[Stored dataset items]

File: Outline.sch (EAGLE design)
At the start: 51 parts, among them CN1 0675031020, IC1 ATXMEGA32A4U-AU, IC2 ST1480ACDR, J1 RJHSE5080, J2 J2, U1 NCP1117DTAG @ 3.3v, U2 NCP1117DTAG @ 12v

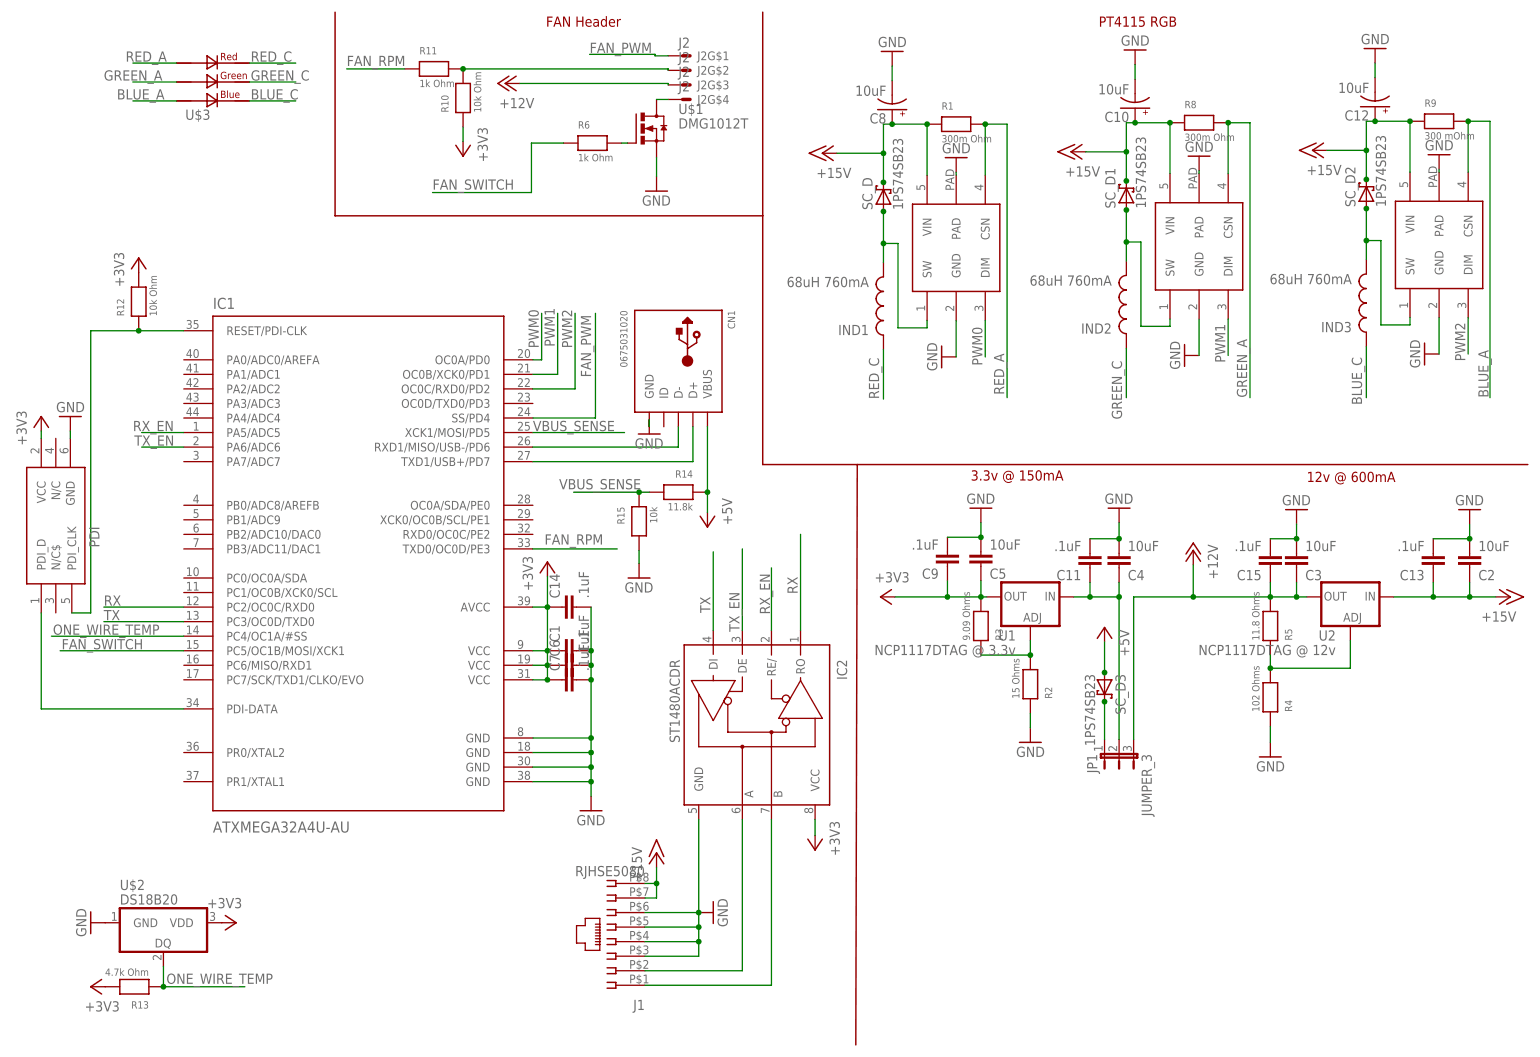
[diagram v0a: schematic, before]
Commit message: 4.3
Changed LDO resistor values to stop overheating. Added 68pf cap between
reset and ground to make AVR Dragon talk with device.
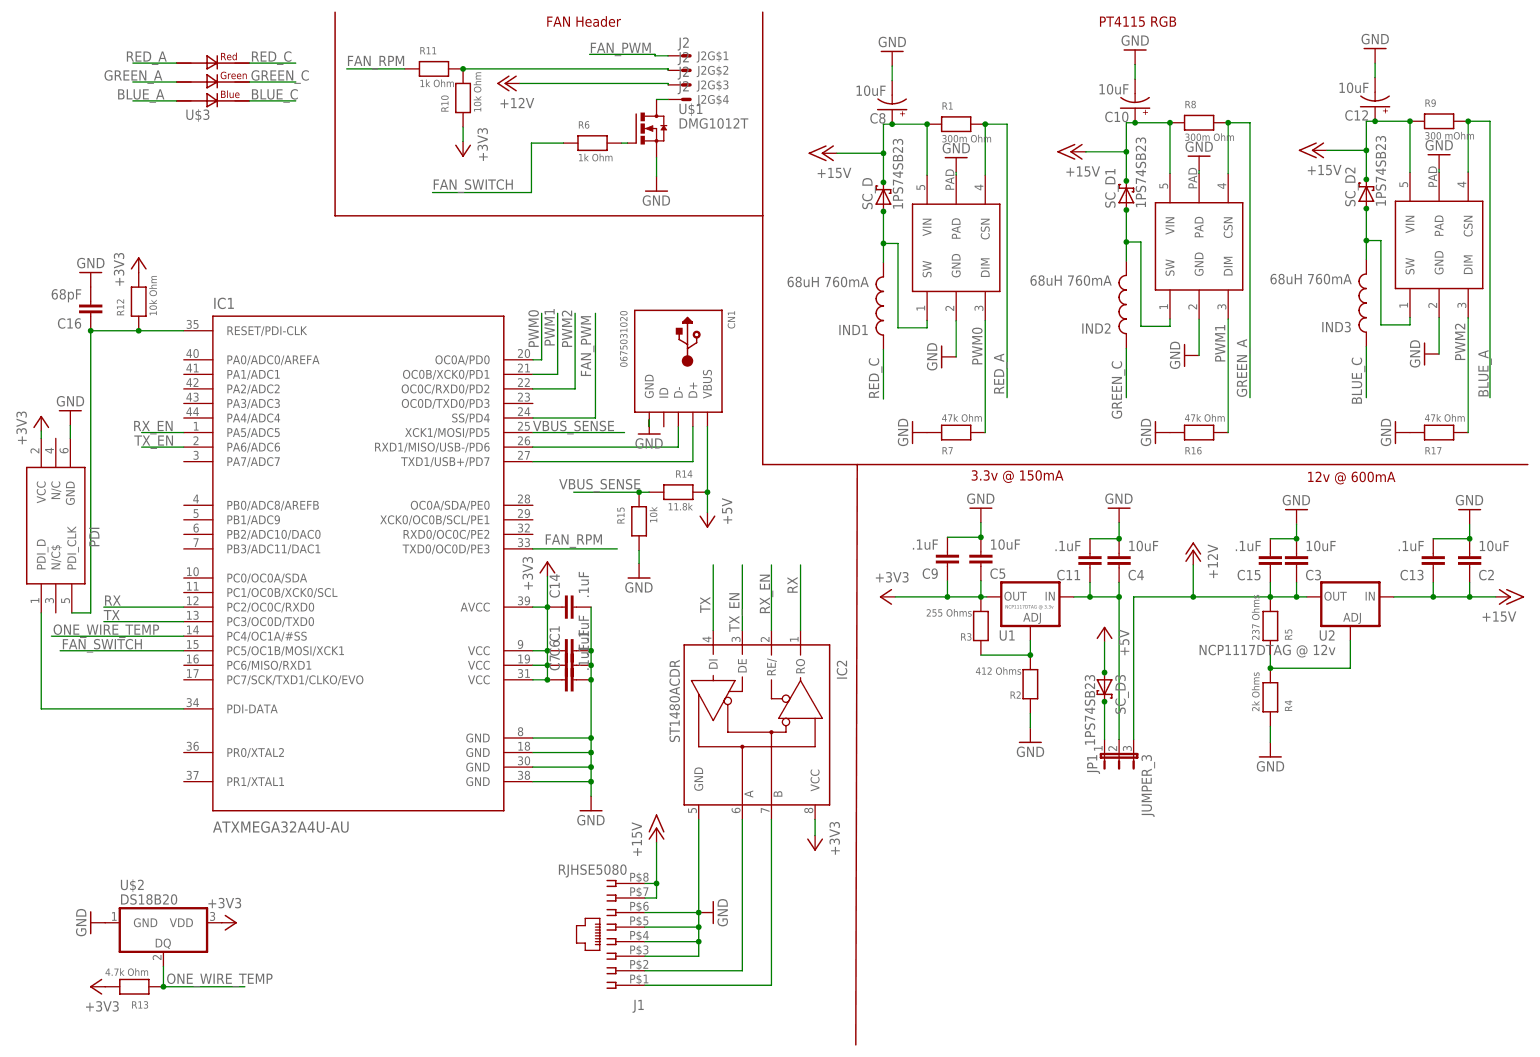
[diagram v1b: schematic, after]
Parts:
- added C16: 68pF, SparkFun:CAP0603-CAP
- added R16, R17, R7: 47k Ohm, nonolith:RESISTOR0603
- R2: value 15 Ohms -> 412 Ohms
- R3: value 9.09 Ohms -> 255 Ohms
- R4: value 102 Ohms -> 2k Ohms
- R5: value 11.8 Ohms -> 237 Ohms
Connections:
- net GND: now also C16.2, R16.1, R17.1, R7.1
- net N$22: now also C16.1
- net PWM0: now also R7.2
- net PWM1: now also R16.2
- net PWM2: now also R17.2
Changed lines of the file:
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@@
 <parts>
 <part name="IC1" library="nonolith" deviceset="ATXMEGAXXA4U" device="-AU" value="ATXMEGA32A4U-AU"/>
-<part name="R2" library="nonolith" deviceset="RESISTOR" device="0603" value="15 Ohms"/>
-<part name="R3" library="nonolith" deviceset="RESISTOR" device="0603" value="9.09 Ohms"/>
-<part name="R4" library="nonolith" deviceset="RESISTOR" device="0603" value="102 Ohms"/>
-<part name="R5" library="nonolith" deviceset="RESISTOR" device="0603" value="11.8 Ohms"/>
+<part name="R2" library="nonolith" deviceset="RESISTOR" device="0603" value="412 Ohms"/>
+<part name="R3" library="nonolith" deviceset="RESISTOR" device="0603" value="255 Ohms"/>
+<part name="R4" library="nonolith" deviceset="RESISTOR" device="0603" value="2k Ohms"/>
+<part name="R5" library="nonolith" deviceset="RESISTOR" device="0603" value="237 Ohms"/>
 <part name="C1" library="SparkFun" deviceset="CAP" device="0603-CAP" value=".1uF"/>
 <part name="C2" library="SparkFun" deviceset="CAP" device="1210" value="10uF"/>
@@
 <part name="SC_D3" library="TechIsCool" deviceset="SCHOTTKY_2" device="" value="1PS74SB23"/>
 <part name="U$3" library="TechIsCool" deviceset="10W_RGB_LED" device=""/>
+<part name="C16" library="SparkFun" deviceset="CAP" device="0603-CAP" value="68pF"/>
+<part name="GND6" library="supply1" deviceset="GND" device=""/>
+<part name="R7" library="nonolith" deviceset="RESISTOR" device="0603" value="47k Ohm"/>
+<part name="R16" library="nonolith" deviceset="RESISTOR" device="0603" value="47k Ohm"/>
+<part name="R17" library="nonolith" deviceset="RESISTOR" device="0603" value="47k Ohm"/>
+<part name="GND7" library="supply1" deviceset="GND" device=""/>
+<part name="GND25" library="supply1" deviceset="GND" device=""/>
+<part name="GND26" library="supply1" deviceset="GND" device=""/>
 </parts>
 <sheets>
@@
 <instances>
 <instance part="IC1" gate="G$1" x="60.198" y="84.074"/>
-<instance part="R2" gate="G$1" x="177.546" y="62.992" rot="MR90"/>
-<instance part="R3" gate="G$1" x="168.91" y="73.152" rot="MR90"/>
+<instance part="R2" gate="G$1" x="177.546" y="62.992" smashed="yes" rot="MR90">
+<attribute name="NAME" x="176.022" y="60.452" size="1.27" layer="95" font="vector" rot="MR0"/>
+<attribute name="VALUE" x="176.022" y="64.643" size="1.27" layer="96" font="vector" rot="MR0"/>
+</instance>
+<instance part="R3" gate="G$1" x="168.91" y="73.152" smashed="yes" rot="MR90">
+<attribute name="NAME" x="167.386" y="70.612" size="1.27" layer="95" font="vector" rot="MR0"/>
+<attribute name="VALUE" x="167.386" y="74.803" size="1.27" layer="96" font="vector" rot="MR0"/>
+</instance>
 <instance part="R4" gate="G$1" x="219.456" y="60.706" rot="MR90"/>
 <instance part="R5" gate="G$1" x="219.456" y="73.152" rot="MR90"/>
@@
 <instance part="C4" gate="G$1" x="193.04" y="85.852" rot="MR180"/>
 <instance part="C5" gate="G$1" x="168.91" y="86.106" rot="MR180"/>
-<instance part="U1" gate="G$1" x="177.546" y="78.232" rot="MR0"/>
+<instance part="U1" gate="G$1" x="177.546" y="78.232" smashed="yes" rot="MR0">
+<attribute name="NAME" x="175.006" y="70.612" size="1.778" layer="95" rot="MR0"/>
+<attribute name="VALUE" x="181.61" y="76.2" size="0.6096" layer="96" rot="MR0"/>
+</instance>
 <instance part="U2" gate="G$1" x="233.426" y="78.232" rot="MR0"/>
 <instance part="+3V1" gate="G$1" x="151.384" y="78.232" rot="MR270"/>
@@
 <instance part="P+6" gate="1" x="226.822" y="156.21" rot="R90"/>
 <instance part="R9" gate="G$1" x="248.92" y="161.29"/>
-<instance part="J1" gate="G$1" x="105.156" y="18.034" rot="R180"/>
+<instance part="J1" gate="G$1" x="105.156" y="18.034" smashed="yes" rot="R180">
+<attribute name="NAME" x="110.236" y="7.874" size="1.778" layer="95" rot="R180"/>
+<attribute name="VALUE" x="107.188" y="31.496" size="1.778" layer="96" rot="R180"/>
+</instance>
 <instance part="IC2" gate="G$1" x="127.254" y="59.69" rot="R270"/>
-<instance part="P+7" gate="1" x="112.268" y="33.528"/>
+<instance part="P+7" gate="1" x="112.268" y="37.846"/>
 <instance part="+3V5" gate="G$1" x="139.954" y="34.036" rot="R180"/>
 <instance part="CN1" gate="G$1" x="116.078" y="119.38" rot="R270"/>
@@
 <instance part="P+9" gate="1" x="121.158" y="90.424" rot="R180"/>
 <instance part="PDI" gate="G$1" x="14.986" y="86.868" rot="R90"/>
-<instance part="GND22" gate="1" x="9.906" y="109.728" rot="R180"/>
+<instance part="GND22" gate="1" x="9.906" y="110.744" rot="R180"/>
 <instance part="+3V6" gate="G$1" x="4.826" y="109.728"/>
 <instance part="GND23" gate="1" x="112.268" y="149.098"/>
@@
 <instance part="SC_D3" gate="G$1" x="190.5" y="62.484" rot="R270"/>
 <instance part="U$3" gate="1" x="35.56" y="168.148"/>
+<instance part="C16" gate="G$1" x="13.462" y="129.794" rot="R180"/>
+<instance part="GND6" gate="1" x="13.462" y="134.874" rot="R180"/>
+<instance part="R7" gate="G$1" x="164.592" y="106.934" rot="MR180"/>
+<instance part="R16" gate="G$1" x="207.01" y="106.934" rot="MR180"/>
+<instance part="R17" gate="G$1" x="248.92" y="106.934" rot="MR180"/>
+<instance part="GND7" gate="1" x="241.3" y="106.934" rot="R270"/>
+<instance part="GND25" gate="1" x="199.39" y="106.934" rot="R270"/>
+<instance part="GND26" gate="1" x="156.972" y="106.934" rot="R270"/>
 </instances>
 <busses>
@@
 <pinref part="P+7" gate="1" pin="+15V"/>
 <wire x1="110.236" y1="28.194" x2="112.268" y2="28.194" width="0.1524" layer="91"/>
-<wire x1="112.268" y1="28.194" x2="112.268" y2="30.988" width="0.1524" layer="91"/>
+<wire x1="112.268" y1="28.194" x2="112.268" y2="35.306" width="0.1524" layer="91"/>
 <pinref part="J1" gate="G$1" pin="7"/>
 <wire x1="110.236" y1="25.654" x2="112.268" y2="25.654" width="0.1524" layer="91"/>
@@
 <pinref part="PDI" gate="G$1" pin="GND"/>
 <pinref part="GND22" gate="1" pin="GND"/>
-<wire x1="9.906" y1="105.918" x2="9.906" y2="107.188" width="0.1524" layer="91"/>
+<wire x1="9.906" y1="105.918" x2="9.906" y2="108.204" width="0.1524" layer="91"/>
 </segment>
 <segment>
@@
 <wire x1="112.268" y1="151.638" x2="112.268" y2="154.94" width="0.1524" layer="91"/>
 </segment>
+<segment>
+<pinref part="C16" gate="G$1" pin="2"/>
+<pinref part="GND6" gate="1" pin="GND"/>
+</segment>
+<segment>
+<pinref part="R17" gate="G$1" pin="1"/>
+<pinref part="GND7" gate="1" pin="GND"/>
+</segment>
+<segment>
+<pinref part="R16" gate="G$1" pin="1"/>
+<pinref part="GND25" gate="1" pin="GND"/>
+</segment>
+<segment>
+<pinref part="R7" gate="G$1" pin="1"/>
+<pinref part="GND26" gate="1" pin="GND"/>
+</segment>
 </net>
 <net name="+12V" class="0">
@@
 <net name="PWM0" class="0">
 <segment>
-<wire x1="169.672" y1="126.492" x2="169.672" y2="120.142" width="0.1524" layer="91"/>
+<wire x1="169.672" y1="126.492" x2="169.672" y2="106.934" width="0.1524" layer="91"/>
 <label x="169.164" y="118.618" size="1.778" layer="95" rot="R90"/>
 <pinref part="DRV0" gate="G$1" pin="DIM"/>
+<pinref part="R7" gate="G$1" pin="2"/>
 </segment>
 <segment>
@@
 <segment>
 <pinref part="DRV1" gate="G$1" pin="DIM"/>
-<wire x1="212.09" y1="126.746" x2="212.09" y2="120.396" width="0.1524" layer="91"/>
+<wire x1="212.09" y1="126.746" x2="212.09" y2="106.934" width="0.1524" layer="91"/>
 <label x="211.582" y="119.126" size="1.778" layer="95" rot="R90"/>
+<pinref part="R16" gate="G$1" pin="2"/>
 </segment>
 <segment>
@@
 <segment>
 <pinref part="DRV2" gate="G$1" pin="DIM"/>
-<wire x1="254" y1="127" x2="254" y2="120.65" width="0.1524" layer="91"/>
+<wire x1="254" y1="127" x2="254" y2="106.934" width="0.1524" layer="91"/>
 <label x="253.492" y="119.38" size="1.778" layer="95" rot="R90"/>
+<pinref part="R17" gate="G$1" pin="2"/>
 </segment>
 <segment>
@@
 <wire x1="21.844" y1="124.714" x2="29.718" y2="124.714" width="0.1524" layer="91"/>
 <junction x="21.844" y="124.714"/>
+<pinref part="C16" gate="G$1" pin="1"/>
+<junction x="13.462" y="124.714"/>
 </segment>
 </net>
@@
 <segment>
 <pinref part="IC2" gate="G$1" pin="RO"/>
-<wire x1="137.414" y1="89.154" x2="137.414" y2="72.39" width="0.1524" layer="91"/>
+<wire x1="137.414" y1="83.82" x2="137.414" y2="72.39" width="0.1524" layer="91"/>
 <label x="136.906" y="78.74" size="1.778" layer="95" rot="R90"/>
 </segment>
@@
 <segment>
 <pinref part="IC2" gate="G$1" pin="RE/"/>
-<wire x1="132.334" y1="72.39" x2="132.334" y2="83.312" width="0.1524" layer="91"/>
+<wire x1="132.334" y1="72.39" x2="132.334" y2="83.82" width="0.1524" layer="91"/>
 <label x="132.08" y="75.184" size="1.778" layer="95" rot="R90"/>
 </segment>
@@
 <segment>
 <pinref part="IC2" gate="G$1" pin="DE"/>
-<wire x1="127.254" y1="72.39" x2="127.254" y2="86.614" width="0.1524" layer="91"/>
+<wire x1="127.254" y1="72.39" x2="127.254" y2="83.82" width="0.1524" layer="91"/>
 <label x="126.746" y="72.136" size="1.778" layer="95" rot="R90"/>
 </segment>
@@
 <segment>
 <pinref part="IC2" gate="G$1" pin="DI"/>
-<wire x1="122.174" y1="72.39" x2="122.174" y2="86.106" width="0.1524" layer="91"/>
+<wire x1="122.174" y1="72.39" x2="122.174" y2="83.82" width="0.1524" layer="91"/>
 <label x="121.666" y="75.438" size="1.778" layer="95" rot="R90"/>
 </segment>

EXERCISE GOAL:
Every line above that holds the string "junction" should be copied out.

FINAL ANSWER:
 <junction x="21.844" y="124.714"/>
+<junction x="13.462" y="124.714"/>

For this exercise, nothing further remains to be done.